*** Opening Available data ***

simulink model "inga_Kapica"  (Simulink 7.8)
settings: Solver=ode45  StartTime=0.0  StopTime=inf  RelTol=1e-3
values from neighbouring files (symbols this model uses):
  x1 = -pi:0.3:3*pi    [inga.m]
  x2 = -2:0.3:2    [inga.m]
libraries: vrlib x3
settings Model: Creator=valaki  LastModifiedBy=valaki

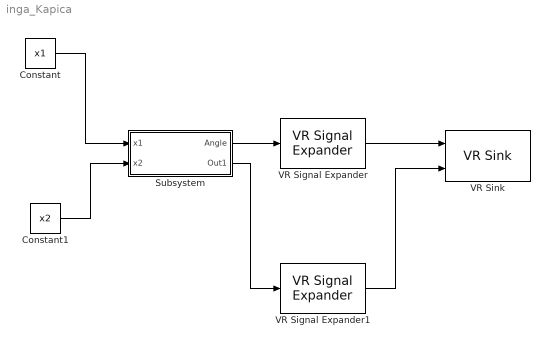
== system inga_Kapica ==
  Constant : Constant  Value=x1
  Constant1 : Constant  Value=x2
  Subsystem : Subsystem
  VR Signal Expander : vrlib/VR Signal Expander  outwidth=4  outidx=[4]
  VR Signal Expander1 : vrlib/VR Signal Expander  outwidth=3  outidx=[2]
  VR Sink : vrlib/VR Sink  SampleTime=0.1  ViewEnable=on  RemoteChange=off  RemoteView=off  FieldsWritten=Ball.rotation.4.1.1.double#Ball.translation.3.1.1.double  WorldFileName=C:\Users\valaki\Desktop\Pendulum_3D_Kapica.wrl  WorldDescription=Forced Damped Pendulum  AutoView=off  VideoDimensions=[]  AllowVariableSize=off
  wires:
  Constant/1 -> Subsystem/1(x1)
  Constant1/1 -> Subsystem/2(x2)
  Subsystem/1(Angle) -> VR Signal Expander/1
  VR Signal Expander/1 -> VR Sink/1
  Subsystem/2(Out1) -> VR Signal Expander1/1
  VR Signal Expander1/1 -> VR Sink/2

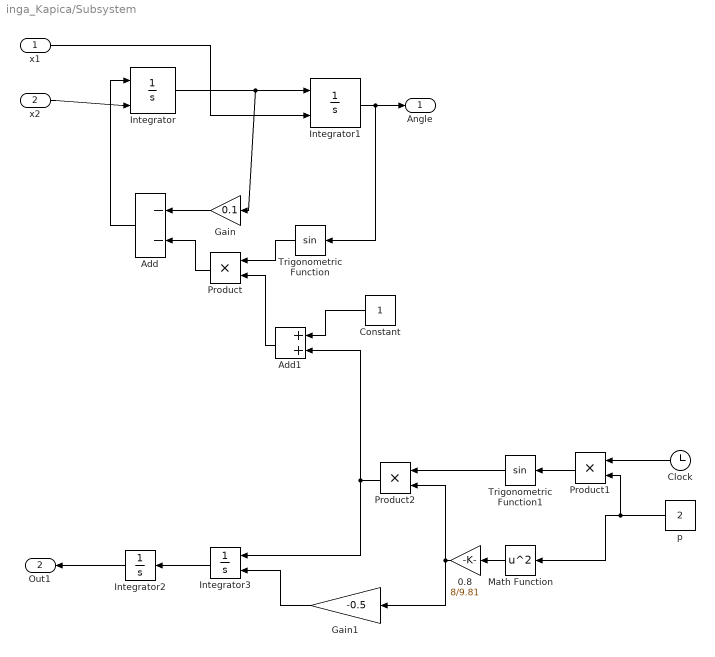
== system inga_Kapica/Subsystem ==
  x1 : Inport
  x2 : Inport  Port=2
  0.8 : Gain  Gain=8/9.81
  Add : Sum  Inputs=--
  Add1 : Sum
  Clock : Clock
  Constant : Constant
  Gain : Gain  Gain=0.1
  Gain1 : Gain  Gain=-0.5
  Integrator : Integrator  InitialConditionSource=external
  Integrator1 : Integrator  InitialConditionSource=external
  Integrator2 : Integrator
  Integrator3 : Integrator  InitialConditionSource=external
  Math Function : Math  Operator=square  SaturateOnIntegerOverflow=on
  Product : Product  RndMeth=Zero
  Product1 : Product  RndMeth=Zero
  Product2 : Product  RndMeth=Zero
  Trigonometric Function : Trigonometry
  Trigonometric Function1 : Trigonometry
  p : Constant  Value=2
  Angle : Outport
  Out1 : Outport  Port=2
  wires:
  x2/1 -> Integrator/2
  Integrator/1 -> Integrator1/1, Gain/1
  x1/1 -> Integrator1/2
  Integrator1/1 -> Angle/1, Trigonometric Function/1
  Add/1 -> Integrator/1
  Gain/1 -> Add/1
  Product/1 -> Add/2
  Trigonometric Function/1 -> Product/1
  Constant/1 -> Add1/1
  Add1/1 -> Product/2
  p/1 -> Math Function/1, Product1/2
  Trigonometric Function1/1 -> Product2/1
  Product1/1 -> Trigonometric Function1/1
  Clock/1 -> Product1/1
  Product2/1 -> Add1/2, Integrator3/1
  Math Function/1 -> 0.8/1
  0.8/1 -> Product2/2, Gain1/1
  Integrator2/1 -> Out1/1
  Integrator3/1 -> Integrator2/1
  Gain1/1 -> Integrator3/2

*** Closing Available data ***

Exercise instructions: Set down each line from the line containing "Add1/1 -> Product/2" through the final line of the data, exactly and with nothing added.

Solution to the exercise:
  Add1/1 -> Product/2
  p/1 -> Math Function/1, Product1/2
  Trigonometric Function1/1 -> Product2/1
  Product1/1 -> Trigonometric Function1/1
  Clock/1 -> Product1/1
  Product2/1 -> Add1/2, Integrator3/1
  Math Function/1 -> 0.8/1
  0.8/1 -> Product2/2, Gain1/1
  Integrator2/1 -> Out1/1
  Integrator3/1 -> Integrator2/1
  Gain1/1 -> Integrator3/2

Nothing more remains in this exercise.